Доктор сложил в уме это подобие хокку, остался им доволен и вернулся в свое кресло, отделенное от кресла Марти Родс невысоким столиком.
Не говоря ни слова, он изучал ее лицо, сначала черту за чертой, а потом все целиком, не жалея на это времени и в то же время заинтригованный, заставит ли затянувшееся молчание ее занервничать.
Но она невозмутимо ждала и была, судя по всему, уверена в том, что врач молчаливо осматривает ее с какой-то своей профессиональной целью и, когда наступит время, объяснит ей, что он делает и для чего.
Как и в случае со Сьюзен Джэггер, доктор Ариман предварительно внушил Марти и Дастину Родс, что в его кабинете и приемной они будут чувствовать себя совершенно непринужденно. Ну, и конечно, такую же реакцию должен вызывать у них и внешний облик доктора.
Он вложил в их ничего не подозревающие умы пять мыслей, своеобразных кратких молитв, и они должны были вспоминать их по отдельности или же все вместе, как длинную успокоительную мантру, в том случае, если в их разуме зародится хоть какое-то сомнение или нервозность, связанная с его персоной. Это безопасное место. Доктор Ариман — великий психиатр. Теперь, когда он взял меня — а для Дасти: когда он взял Марти под свою опеку, все должно исправиться. Доктор Ариман употребляет все свои знания и опыт на благо пациентов. Доктор Ариман заставит все эти страхи исчезнуть. И, даже когда они будут находиться в полном сознании, эти мини-медитации все равно будут помогать им укрепляться в уверенности, что доктор Марк Ариман является для них единственной надеждой на спасение.
Доктору показалось чрезвычайно забавным глядеть, как они улыбаются и кивают, хотя сами в это время наверняка задумываются, почему их внезапно оставили неотвязные тревоги. И, конечно, главное развлечение состояло в том, чтобы видеть, как человек с такой благодарностью поручает тебе свою жену, тогда как ты на самом деле намереваешься унижать ее, оскорблять, развращать и в конечном счете уничтожить.
После непредвиденной паузы, вызванной самоубийством Сьюзен, игра теперь должна была возобновиться.
— Марти? — вопросительно произнес Ариман.
— Да, доктор?
— Раймонд Шоу.
Ее поведение сразу же изменилось. Поза стала напряженной, она выпрямилась в кресле. Прекрасная полуулыбка застыла, а потом исчезла.
— Я слушаю, — сказала она.
Приведя Марти в состояние готовности при помощи кодового имени, доктор теперь загрузил сложную программу, которая была кратко закодирована в ее личном хокку.
— С запада ветер летит…
— Вы — это запад и западный ветер, — покорно откликнулась Марти.
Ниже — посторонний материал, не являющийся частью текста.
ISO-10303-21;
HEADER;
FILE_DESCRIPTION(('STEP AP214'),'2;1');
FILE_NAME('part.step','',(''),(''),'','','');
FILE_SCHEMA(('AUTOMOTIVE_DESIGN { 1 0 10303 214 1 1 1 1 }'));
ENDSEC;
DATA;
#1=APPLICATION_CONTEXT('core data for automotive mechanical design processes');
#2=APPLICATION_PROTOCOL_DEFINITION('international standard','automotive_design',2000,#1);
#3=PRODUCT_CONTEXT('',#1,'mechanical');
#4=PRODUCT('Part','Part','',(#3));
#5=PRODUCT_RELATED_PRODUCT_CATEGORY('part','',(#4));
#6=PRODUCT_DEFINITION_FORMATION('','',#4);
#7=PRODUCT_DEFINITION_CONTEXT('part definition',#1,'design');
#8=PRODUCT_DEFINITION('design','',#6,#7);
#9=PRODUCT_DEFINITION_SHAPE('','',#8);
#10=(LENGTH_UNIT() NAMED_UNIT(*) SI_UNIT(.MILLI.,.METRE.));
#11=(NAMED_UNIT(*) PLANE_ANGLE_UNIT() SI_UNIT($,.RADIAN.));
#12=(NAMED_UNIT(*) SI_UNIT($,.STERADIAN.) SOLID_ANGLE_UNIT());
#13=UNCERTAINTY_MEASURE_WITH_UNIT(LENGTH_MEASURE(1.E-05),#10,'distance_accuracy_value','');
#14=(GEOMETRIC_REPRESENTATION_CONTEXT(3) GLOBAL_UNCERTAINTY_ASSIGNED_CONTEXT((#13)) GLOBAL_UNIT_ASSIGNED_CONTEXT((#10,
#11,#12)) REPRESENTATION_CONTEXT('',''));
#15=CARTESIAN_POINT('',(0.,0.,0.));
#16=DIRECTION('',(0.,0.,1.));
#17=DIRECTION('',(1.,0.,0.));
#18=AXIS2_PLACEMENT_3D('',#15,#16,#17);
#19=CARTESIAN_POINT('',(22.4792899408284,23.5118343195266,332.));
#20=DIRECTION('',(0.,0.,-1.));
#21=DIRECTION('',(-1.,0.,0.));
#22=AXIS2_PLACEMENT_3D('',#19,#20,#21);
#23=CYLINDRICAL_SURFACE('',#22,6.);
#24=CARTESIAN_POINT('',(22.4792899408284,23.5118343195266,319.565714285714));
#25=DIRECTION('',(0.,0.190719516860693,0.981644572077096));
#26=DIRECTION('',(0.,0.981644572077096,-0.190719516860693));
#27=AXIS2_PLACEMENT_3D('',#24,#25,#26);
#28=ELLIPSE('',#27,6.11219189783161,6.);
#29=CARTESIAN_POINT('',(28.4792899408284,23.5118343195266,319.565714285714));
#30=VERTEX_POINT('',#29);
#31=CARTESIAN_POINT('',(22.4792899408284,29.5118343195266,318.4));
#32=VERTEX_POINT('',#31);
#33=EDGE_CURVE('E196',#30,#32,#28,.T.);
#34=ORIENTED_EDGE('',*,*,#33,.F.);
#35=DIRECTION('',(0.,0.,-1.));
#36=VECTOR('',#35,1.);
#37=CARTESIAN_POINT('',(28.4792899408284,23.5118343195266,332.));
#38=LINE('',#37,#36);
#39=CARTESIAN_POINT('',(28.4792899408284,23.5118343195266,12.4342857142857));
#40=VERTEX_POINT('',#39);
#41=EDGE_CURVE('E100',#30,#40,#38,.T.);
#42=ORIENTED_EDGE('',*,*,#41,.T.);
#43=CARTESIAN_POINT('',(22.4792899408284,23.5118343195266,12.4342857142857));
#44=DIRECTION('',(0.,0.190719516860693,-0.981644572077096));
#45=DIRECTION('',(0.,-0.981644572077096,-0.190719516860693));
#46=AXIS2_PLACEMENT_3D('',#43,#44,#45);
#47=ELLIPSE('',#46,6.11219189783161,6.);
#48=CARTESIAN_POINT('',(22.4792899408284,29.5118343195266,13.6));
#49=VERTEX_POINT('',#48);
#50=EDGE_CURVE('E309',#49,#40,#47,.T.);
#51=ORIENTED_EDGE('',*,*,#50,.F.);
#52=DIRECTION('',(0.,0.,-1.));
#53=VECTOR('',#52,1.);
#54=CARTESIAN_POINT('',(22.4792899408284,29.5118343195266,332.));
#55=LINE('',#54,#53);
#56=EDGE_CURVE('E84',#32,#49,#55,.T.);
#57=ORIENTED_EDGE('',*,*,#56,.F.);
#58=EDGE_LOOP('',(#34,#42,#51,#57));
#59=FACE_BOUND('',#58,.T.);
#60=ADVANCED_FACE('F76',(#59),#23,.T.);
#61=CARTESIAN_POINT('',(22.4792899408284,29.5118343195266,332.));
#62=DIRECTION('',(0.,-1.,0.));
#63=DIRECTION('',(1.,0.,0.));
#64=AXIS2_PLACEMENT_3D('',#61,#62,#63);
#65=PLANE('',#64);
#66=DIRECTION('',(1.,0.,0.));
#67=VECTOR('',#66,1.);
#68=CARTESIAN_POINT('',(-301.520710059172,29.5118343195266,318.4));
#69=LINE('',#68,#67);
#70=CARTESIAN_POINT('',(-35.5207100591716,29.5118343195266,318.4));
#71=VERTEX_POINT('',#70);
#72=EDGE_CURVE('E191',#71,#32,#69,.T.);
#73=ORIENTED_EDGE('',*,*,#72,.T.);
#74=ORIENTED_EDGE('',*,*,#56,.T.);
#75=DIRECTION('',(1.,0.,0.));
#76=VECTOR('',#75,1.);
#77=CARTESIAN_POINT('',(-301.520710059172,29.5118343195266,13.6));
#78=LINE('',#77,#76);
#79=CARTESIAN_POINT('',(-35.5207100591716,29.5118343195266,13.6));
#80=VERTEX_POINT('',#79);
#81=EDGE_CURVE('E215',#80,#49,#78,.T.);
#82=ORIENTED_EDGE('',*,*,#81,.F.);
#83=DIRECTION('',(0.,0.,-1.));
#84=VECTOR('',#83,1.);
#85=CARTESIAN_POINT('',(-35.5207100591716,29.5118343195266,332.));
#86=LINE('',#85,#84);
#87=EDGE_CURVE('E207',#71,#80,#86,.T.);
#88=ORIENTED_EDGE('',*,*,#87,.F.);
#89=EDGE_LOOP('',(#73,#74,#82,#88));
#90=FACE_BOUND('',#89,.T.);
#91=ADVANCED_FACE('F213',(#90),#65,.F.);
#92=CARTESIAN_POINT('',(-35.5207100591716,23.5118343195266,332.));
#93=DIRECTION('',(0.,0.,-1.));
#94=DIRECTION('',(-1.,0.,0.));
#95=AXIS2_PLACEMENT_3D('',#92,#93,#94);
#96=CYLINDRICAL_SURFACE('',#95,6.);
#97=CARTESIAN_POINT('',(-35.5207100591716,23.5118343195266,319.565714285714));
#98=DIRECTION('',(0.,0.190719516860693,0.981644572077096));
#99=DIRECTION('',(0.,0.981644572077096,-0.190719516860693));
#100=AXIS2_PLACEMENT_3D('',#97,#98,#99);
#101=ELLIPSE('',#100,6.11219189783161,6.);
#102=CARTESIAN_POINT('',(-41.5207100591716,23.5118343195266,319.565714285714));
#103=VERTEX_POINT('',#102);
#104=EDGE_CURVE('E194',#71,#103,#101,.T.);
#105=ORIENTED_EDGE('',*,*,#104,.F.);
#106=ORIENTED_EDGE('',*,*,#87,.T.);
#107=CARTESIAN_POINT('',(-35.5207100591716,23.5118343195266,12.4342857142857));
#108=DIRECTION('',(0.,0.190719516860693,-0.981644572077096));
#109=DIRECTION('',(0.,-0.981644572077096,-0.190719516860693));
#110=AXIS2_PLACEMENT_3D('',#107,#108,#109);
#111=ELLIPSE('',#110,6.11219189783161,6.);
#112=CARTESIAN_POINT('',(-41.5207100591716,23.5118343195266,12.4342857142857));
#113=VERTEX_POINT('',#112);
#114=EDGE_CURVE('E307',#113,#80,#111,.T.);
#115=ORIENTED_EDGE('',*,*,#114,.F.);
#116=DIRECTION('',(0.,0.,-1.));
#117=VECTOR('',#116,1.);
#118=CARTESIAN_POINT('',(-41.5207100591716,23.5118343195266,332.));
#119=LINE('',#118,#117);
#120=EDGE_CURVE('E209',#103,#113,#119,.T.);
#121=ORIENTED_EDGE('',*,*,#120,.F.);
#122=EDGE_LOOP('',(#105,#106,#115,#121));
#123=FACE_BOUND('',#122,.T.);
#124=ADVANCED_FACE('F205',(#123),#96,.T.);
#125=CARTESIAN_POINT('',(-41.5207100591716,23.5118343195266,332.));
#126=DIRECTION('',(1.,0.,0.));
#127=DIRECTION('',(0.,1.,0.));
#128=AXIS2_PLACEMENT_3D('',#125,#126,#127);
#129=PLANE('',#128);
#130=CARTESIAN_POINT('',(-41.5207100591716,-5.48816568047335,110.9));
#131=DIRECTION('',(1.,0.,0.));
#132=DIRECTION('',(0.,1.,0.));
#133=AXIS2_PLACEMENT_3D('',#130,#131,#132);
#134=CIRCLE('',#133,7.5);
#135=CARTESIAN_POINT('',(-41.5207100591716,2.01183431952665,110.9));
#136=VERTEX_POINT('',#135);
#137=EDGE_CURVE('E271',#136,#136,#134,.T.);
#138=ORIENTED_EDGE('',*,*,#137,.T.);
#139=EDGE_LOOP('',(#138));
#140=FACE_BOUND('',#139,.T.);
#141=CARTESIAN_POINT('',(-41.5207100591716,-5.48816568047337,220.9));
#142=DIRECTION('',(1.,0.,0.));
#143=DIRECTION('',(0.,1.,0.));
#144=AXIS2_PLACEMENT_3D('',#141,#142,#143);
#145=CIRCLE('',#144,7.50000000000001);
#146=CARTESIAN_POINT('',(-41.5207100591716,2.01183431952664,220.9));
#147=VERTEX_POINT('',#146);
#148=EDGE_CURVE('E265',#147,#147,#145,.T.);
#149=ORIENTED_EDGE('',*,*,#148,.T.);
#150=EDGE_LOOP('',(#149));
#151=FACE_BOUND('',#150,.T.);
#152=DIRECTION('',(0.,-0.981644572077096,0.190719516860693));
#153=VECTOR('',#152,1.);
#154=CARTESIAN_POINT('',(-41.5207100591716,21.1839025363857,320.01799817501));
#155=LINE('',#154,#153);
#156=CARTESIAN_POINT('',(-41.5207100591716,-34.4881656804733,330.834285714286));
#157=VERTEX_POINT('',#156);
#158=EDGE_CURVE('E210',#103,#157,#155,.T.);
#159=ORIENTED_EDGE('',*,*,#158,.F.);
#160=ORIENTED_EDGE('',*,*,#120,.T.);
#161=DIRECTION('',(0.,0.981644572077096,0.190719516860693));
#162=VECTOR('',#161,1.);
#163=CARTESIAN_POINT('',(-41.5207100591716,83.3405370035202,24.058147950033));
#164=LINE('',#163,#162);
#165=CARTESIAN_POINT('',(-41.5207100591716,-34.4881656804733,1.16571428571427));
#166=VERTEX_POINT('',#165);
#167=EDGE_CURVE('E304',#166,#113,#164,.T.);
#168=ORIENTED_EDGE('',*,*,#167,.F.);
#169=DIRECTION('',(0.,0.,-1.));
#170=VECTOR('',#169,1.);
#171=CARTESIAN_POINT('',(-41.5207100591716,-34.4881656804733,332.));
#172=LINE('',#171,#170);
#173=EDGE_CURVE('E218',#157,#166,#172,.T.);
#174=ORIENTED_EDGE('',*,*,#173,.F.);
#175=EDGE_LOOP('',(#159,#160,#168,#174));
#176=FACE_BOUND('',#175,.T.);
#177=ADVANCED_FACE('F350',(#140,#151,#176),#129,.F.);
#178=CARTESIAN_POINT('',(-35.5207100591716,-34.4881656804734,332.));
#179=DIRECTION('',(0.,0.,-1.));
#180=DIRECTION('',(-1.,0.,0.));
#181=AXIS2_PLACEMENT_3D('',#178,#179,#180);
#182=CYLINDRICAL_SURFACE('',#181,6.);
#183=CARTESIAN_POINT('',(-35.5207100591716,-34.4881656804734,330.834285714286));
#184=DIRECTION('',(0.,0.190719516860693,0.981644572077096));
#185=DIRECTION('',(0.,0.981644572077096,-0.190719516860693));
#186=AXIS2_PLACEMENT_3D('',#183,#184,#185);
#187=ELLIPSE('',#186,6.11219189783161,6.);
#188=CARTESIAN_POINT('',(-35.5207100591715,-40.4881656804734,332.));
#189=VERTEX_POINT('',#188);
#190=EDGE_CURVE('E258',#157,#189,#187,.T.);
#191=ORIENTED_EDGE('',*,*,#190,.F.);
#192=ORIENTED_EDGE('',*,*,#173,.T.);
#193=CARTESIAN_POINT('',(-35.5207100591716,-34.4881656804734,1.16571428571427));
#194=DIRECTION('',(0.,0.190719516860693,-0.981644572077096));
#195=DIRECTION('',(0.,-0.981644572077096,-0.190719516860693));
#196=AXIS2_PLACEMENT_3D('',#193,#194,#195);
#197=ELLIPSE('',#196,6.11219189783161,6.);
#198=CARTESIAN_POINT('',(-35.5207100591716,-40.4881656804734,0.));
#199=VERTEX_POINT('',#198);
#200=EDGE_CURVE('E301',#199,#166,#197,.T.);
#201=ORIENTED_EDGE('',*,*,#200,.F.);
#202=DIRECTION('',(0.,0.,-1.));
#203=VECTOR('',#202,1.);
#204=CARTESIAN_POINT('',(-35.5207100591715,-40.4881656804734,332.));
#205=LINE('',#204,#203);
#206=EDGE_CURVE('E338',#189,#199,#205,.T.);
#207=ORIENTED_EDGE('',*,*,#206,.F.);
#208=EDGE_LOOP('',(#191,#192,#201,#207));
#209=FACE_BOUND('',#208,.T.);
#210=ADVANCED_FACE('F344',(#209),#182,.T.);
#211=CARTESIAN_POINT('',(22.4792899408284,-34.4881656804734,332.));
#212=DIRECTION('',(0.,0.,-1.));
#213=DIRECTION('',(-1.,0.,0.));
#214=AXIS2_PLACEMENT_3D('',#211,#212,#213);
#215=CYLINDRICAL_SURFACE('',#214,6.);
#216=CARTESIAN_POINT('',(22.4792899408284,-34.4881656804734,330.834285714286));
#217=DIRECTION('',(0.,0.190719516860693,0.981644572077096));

— …Кружит, гонит к востоку…
— Восток — это я, — ответила Марти.
— …Ворох опавшей листвы.
— Листва — это ваши приказы.
Теперь все приказы, которые отдаст ей доктор, будут собраны и сокрыты точно так же, как опавшие осенние листья собираются в компостную кучу, чтобы там, в темной теплой глубине ее подсознания, превратиться в перегной, с которым доктор будет поступать так, как найдет нужным.
* * *
Вешая черную кожаную куртку Марти на вешалку, Дасти случайно нащупал в правом кармане книгу в мягкой обложке. Это был роман, который она носила с собой, когда провожала сюда Сьюзен, если не на всем протяжении минувшего года, то, по крайней мере, в течение четырех или пяти месяцев.
Хотя она постоянно заверяла мужа, что роман очень интересный, книга казалась совершенно новой, будто ее только что сняли с полки книжного магазина. Корешок был гладким, а ведь у книг, которые читают, он даже при самом осторожном обращении трескается вдоль. Когда Дасти перелистал страницы, они оказались настолько свежими и чистыми, словно блок разделяли впервые после того, как страницы сложили вместе и склеили в переплетном цехе.